Genau 208,55 Kilometer entfernt von Heidelberg befindet sich Wangen im Allgäu. Ein bestimmt wunderschöner Ort, wenn auch mit fragwürdiger Grammatik bei dem Satz „Einfach Ankommen und Wohlfühlen“, der einem auf der Website von Wangen gleich ins Auge springt – auch aufgrund der Tatsache, dass die dünne weiße Schrift vor dem bunten Hintergrund der Fachwerkbauten nicht wirklich gut zu lesen ist und man deshalb zweimal hinschauen muss. Aber nun denn… wegen der Gestalterkunst der Allgäuer Webdesigner kommt man wahrscheinlich genauso wenig in den Luftkurort wie wegen der Grammatik, da beides nicht in nennenswertem Umfang vorhanden zu sein scheint. Dann schon eher wegen den legendären Leberkäs-Weck, die es dort in einer bekannten Bäckerei gibt. Mit Röstzwiebel. Wegen denen reisen die Leute von ganz weit her an. Sehr weit. Also so richtig weit weit. Woher ich das weiß? Weil mir das ein Fanboy dieser Leberkäs-Weck erzählt hat, der das große Glück hat, nicht erst von ganz weit weg anreisen zu müssen, sondern direkt vor Ort im schönen Wangen und wahrscheinlich in zu Fuß erreichbarer Nachbarschaft zu besagter Bäckerei zu wohnen. Er hatte ein Tränchen im Augenwinkel, als er von der Bäckerei und den Leberkäs-Weck erzählte – und er ist nicht verwandt oder verschwägert mit den Inhabern dieser Bäckerei. Ich habe extra nachgefragt. Es war also keine Vetternwirtschaft, sondern pure Liebe.
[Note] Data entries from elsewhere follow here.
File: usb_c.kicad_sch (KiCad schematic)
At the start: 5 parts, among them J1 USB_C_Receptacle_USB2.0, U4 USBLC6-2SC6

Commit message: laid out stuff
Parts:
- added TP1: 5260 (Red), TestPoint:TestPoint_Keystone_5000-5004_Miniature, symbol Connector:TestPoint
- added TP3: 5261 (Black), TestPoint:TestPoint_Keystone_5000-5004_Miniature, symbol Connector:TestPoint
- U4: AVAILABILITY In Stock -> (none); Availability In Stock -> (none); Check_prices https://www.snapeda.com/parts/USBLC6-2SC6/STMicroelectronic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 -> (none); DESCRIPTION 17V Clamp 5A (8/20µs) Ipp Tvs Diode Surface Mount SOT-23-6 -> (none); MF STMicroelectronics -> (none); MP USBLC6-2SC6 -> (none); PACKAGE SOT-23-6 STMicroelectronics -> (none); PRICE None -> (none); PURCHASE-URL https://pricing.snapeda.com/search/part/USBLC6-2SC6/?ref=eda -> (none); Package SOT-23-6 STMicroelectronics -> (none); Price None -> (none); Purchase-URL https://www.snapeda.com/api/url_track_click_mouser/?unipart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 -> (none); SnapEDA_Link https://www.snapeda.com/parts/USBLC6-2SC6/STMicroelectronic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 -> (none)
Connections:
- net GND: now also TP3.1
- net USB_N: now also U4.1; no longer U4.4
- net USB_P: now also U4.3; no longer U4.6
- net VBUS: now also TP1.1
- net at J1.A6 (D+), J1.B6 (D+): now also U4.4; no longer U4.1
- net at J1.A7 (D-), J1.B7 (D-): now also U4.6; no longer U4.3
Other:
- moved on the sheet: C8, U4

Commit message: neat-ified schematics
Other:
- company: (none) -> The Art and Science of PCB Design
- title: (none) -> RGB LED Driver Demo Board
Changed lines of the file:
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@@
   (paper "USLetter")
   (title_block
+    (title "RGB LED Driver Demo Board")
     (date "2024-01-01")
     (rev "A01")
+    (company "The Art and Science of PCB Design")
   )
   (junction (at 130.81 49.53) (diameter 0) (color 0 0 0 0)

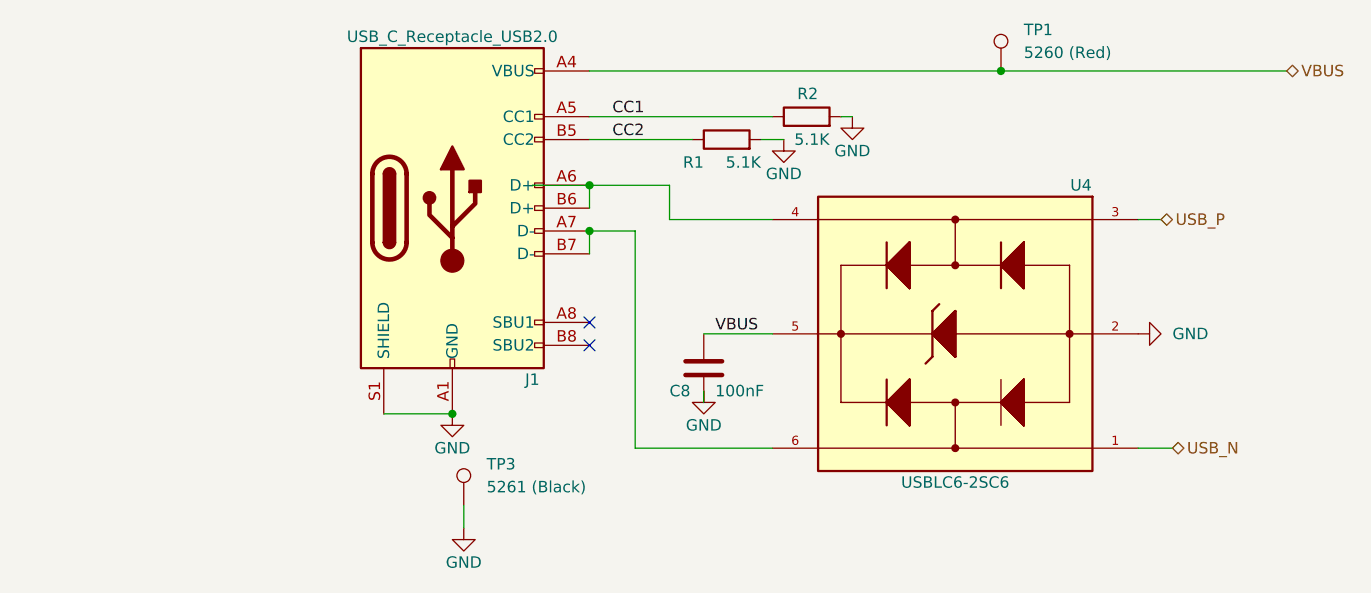
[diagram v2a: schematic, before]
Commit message: Added annotations, BOM count reduction
LED indicator resistors edited to save on BOM count

schematics made more neat, added some labels
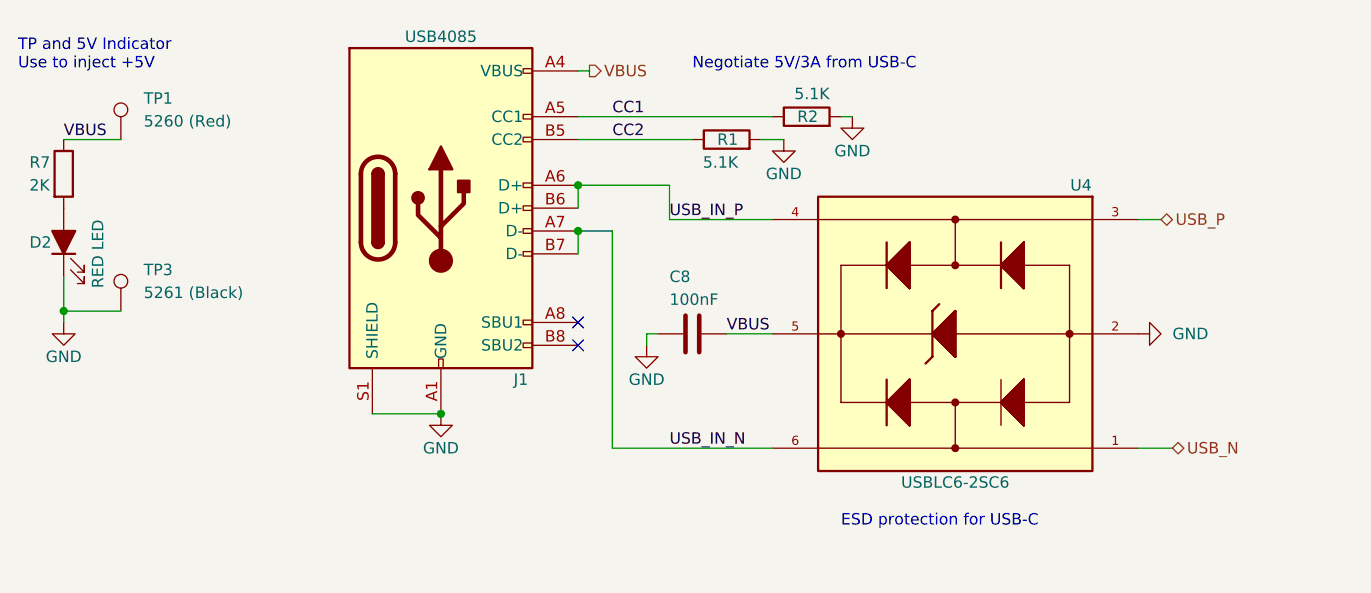
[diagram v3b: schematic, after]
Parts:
- added D2: RED LED, LED_SMD:LED_0805_2012Metric_Pad1.15x1.40mm_HandSolder, symbol Device:LED_Filled
- added R7: 2K, Resistor_SMD:R_0805_2012Metric_Pad1.20x1.40mm_HandSolder, symbol Device:R
- J1: value USB_C_Receptacle_USB2.0 -> USB4085
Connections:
- net GND: now also D2.1 (K)
- net VBUS: now also R7.1
- net USB_IN_P: now reaches J1.A6 (D+), J1.B6 (D+), U4.4
- net USB_IN_N: now reaches J1.A7 (D-), J1.B7 (D-), U4.6
- new net: D2.2 (A), R7.2
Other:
- note added: "ESD protection for USB-C"
- note added: "Negotiate 5V/3A from USB-C"
- note added: "TP and 5V Indicator Use to inject +5V"
- moved on the sheet: C8, J1, TP3

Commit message: added digikey PNs
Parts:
- C8: Digikey PN (none) -> 1276-1003-1-ND; MPN (none) -> CL21B104KBCNNNC
- D2: Digikey PN (none) -> 160-1427-1-ND; MPN (none) -> LTST-C171KRKT
- J1: Digikey PN (none) -> 2073-USB4085-GF-ACT-ND; MPN (none) -> USB4085-GF-A
- R7: MPN (none) -> 0805W8F2001
- TP1: Digikey PN (none) -> 36-5260-ND; MPN (none) -> 5260
- TP3: Digikey PN (none) -> 36-5261-ND; MPN (none) -> 5261
- U4: Digikey PN (none) -> 497-5235-1-ND; MPN (none) -> USBLC6-2SC6
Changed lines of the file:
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@@
       (effects (font (size 1.27 1.27)) hide)
     )
-    (property "Digikey PN" "" (at 26.67 68.58 0)
+    (property "Digikey PN" "160-1427-1-ND" (at 26.67 68.58 0)
+      (effects (font (size 1.27 1.27)) hide)
+    )
+    (property "MPN" "LTST-C171KRKT" (at 26.67 68.58 0)
       (effects (font (size 1.27 1.27)) hide)
     )
@@
       (effects (font (size 1.27 1.27)) hide)
     )
+    (property "MPN" "0805W8F2001" (at 26.67 60.96 0)
+      (effects (font (size 1.27 1.27)) hide)
+    )
     (pin "1")
     (pin "2")
@@
       (effects (font (size 1.27 1.27)) hide)
     )
-    (property "Digikey PN" "" (at 96.52 78.74 0)
+    (property "Digikey PN" "1276-1003-1-ND" (at 96.52 78.74 0)
+      (effects (font (size 1.27 1.27)) hide)
+    )
+    (property "MPN" "CL21B104KBCNNNC" (at 96.52 78.74 0)
       (effects (font (size 1.27 1.27)) hide)
     )
@@
       (effects (font (size 1.27 1.27)) hide)
     )
-    (property "Digikey PN" "" (at 33.02 76.2 0)
+    (property "Digikey PN" "36-5261-ND" (at 33.02 76.2 0)
+      (effects (font (size 1.27 1.27)) hide)
+    )
+    (property "MPN" "5261" (at 33.02 76.2 0)
       (effects (font (size 1.27 1.27)) hide)
     )
@@
       (effects (font (size 1.27 1.27)) hide)
     )
-    (property "Digikey PN" "" (at 33.02 57.15 0)
+    (property "Digikey PN" "36-5260-ND" (at 33.02 57.15 0)
+      (effects (font (size 1.27 1.27)) hide)
+    )
+    (property "MPN" "5260" (at 33.02 57.15 0)
       (effects (font (size 1.27 1.27)) hide)
     )
@@
       (effects (font (size 1.27 1.27)) hide)
     )
-    (property "Digikey PN" "" (at 125.73 78.74 0)
+    (property "Digikey PN" "497-5235-1-ND" (at 125.73 78.74 0)
+      (effects (font (size 1.27 1.27)) hide)
+    )
+    (property "MPN" "USBLC6-2SC6" (at 125.73 78.74 0)
       (effects (font (size 1.27 1.27)) hide)
     )
@@
       (effects (font (size 1.27 1.27)) hide)
     )
-    (property "Digikey PN" "" (at 68.58 64.77 0)
-      (effects (font (size 1.27 1.27)) hide)
-    )
+    (property "Digikey PN" "2073-USB4085-GF-ACT-ND" (at 68.58 64.77 0)
+      (effects (font (size 1.27 1.27)) hide)
+    )
+    (property "MPN" "USB4085-GF-A" (at 68.58 64.77 0)
+      (effects (font (size 1.27 1.27)) hide)
+    )

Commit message: added digikey PNs to all devices
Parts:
- R1, R2: Digikey PN (none) -> RMCF0805FT5K10CT-ND; MPN (none) -> RMCF0805FT5K10
- R7: Digikey PN (none) -> RMCF0805FT2K00CT-ND; MPN 0805W8F2001 -> RMCF0805FT2K00
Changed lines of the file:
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@@
       (effects (font (size 1.27 1.27)) hide)
     )
-    (property "Digikey PN" "" (at 26.67 60.96 0)
-      (effects (font (size 1.27 1.27)) hide)
-    )
-    (property "MPN" "0805W8F2001" (at 26.67 60.96 0)
+    (property "Digikey PN" "RMCF0805FT2K00CT-ND" (at 26.67 60.96 0)
+      (effects (font (size 1.27 1.27)) hide)
+    )
+    (property "MPN" "RMCF0805FT2K00" (at 26.67 60.96 0)
       (effects (font (size 1.27 1.27)) hide)
     )
@@
       (effects (font (size 1.27 1.27)) hide)
     )
-    (property "Digikey PN" "" (at 100.33 57.15 0)
+    (property "Digikey PN" "RMCF0805FT5K10CT-ND" (at 100.33 57.15 0)
+      (effects (font (size 1.27 1.27)) hide)
+    )
+    (property "MPN" "RMCF0805FT5K10" (at 100.33 57.15 0)
       (effects (font (size 1.27 1.27)) hide)
     )
@@
       (effects (font (size 1.27 1.27)) hide)
     )
-    (property "Digikey PN" "" (at 109.22 54.61 0)
-      (effects (font (size 1.27 1.27)) hide)
-    )
+    (property "Digikey PN" "RMCF0805FT5K10CT-ND" (at 109.22 54.61 0)
+      (effects (font (size 1.27 1.27)) hide)
+    )
+    (property "MPN" "RMCF0805FT5K10" (at 109.22 54.61 0)
+      (effects (font (size 1.27 1.27)) hide)
+    )

Wobei… Wangen im Allgäu und Liebe… das ist ein heikles Thema. Ich will jetzt nicht näher ins Detail gehen, aber man hat dort die Grenzen schon sehr anders gesetzt, als ich es von hier kenne (und auch gut finde). Wenn es um Mütter, Töchter und Kühe geht, sind meine Assoziationen eben andere, aber nun denn… jeder wie er möchte und mit etwas Glück kommt man ja an einen gnädigen Richter. Vielleicht war der Leberkäs-Fan aber auch eine besonders extreme Ausprägung des Wangeners – sein Kumpel zeigte schon eher Interessen im klassischen Sinn und rückte der Begleitung immer mehr auf die Pelle und zwar so, dass es sogar bei Gedränge offensichtlich gewesen wäre, dass das kein Versehen und den Menschenmassen geschuldet ist – zumal keine Menschenmassen und kein Gedränge da waren. Er kam so nah, dass es bei manchen schon sehr lange verheirateten Paaren als Sex durchgegangen wäre. Wir standen allerdings auch relativ nah an einem Grillstand und vielleicht kam aufgrund des Geruchs von Rindswürsten sein Blut in Wallung. Wenn man die Obsession der Wangener für Fleckvieh kennt, wäre das durchaus eine Erklärung.
Mal sehen… vielleicht treffe ich die zwei nächstes Jahr wieder beim Heidelberger Herbst. Falls ja, habe ich einen Super-Tipp für sie! Ich habe was entdeckt – so eine Art Tinder, speziell für ihre Interessen. Ist das nicht großartig?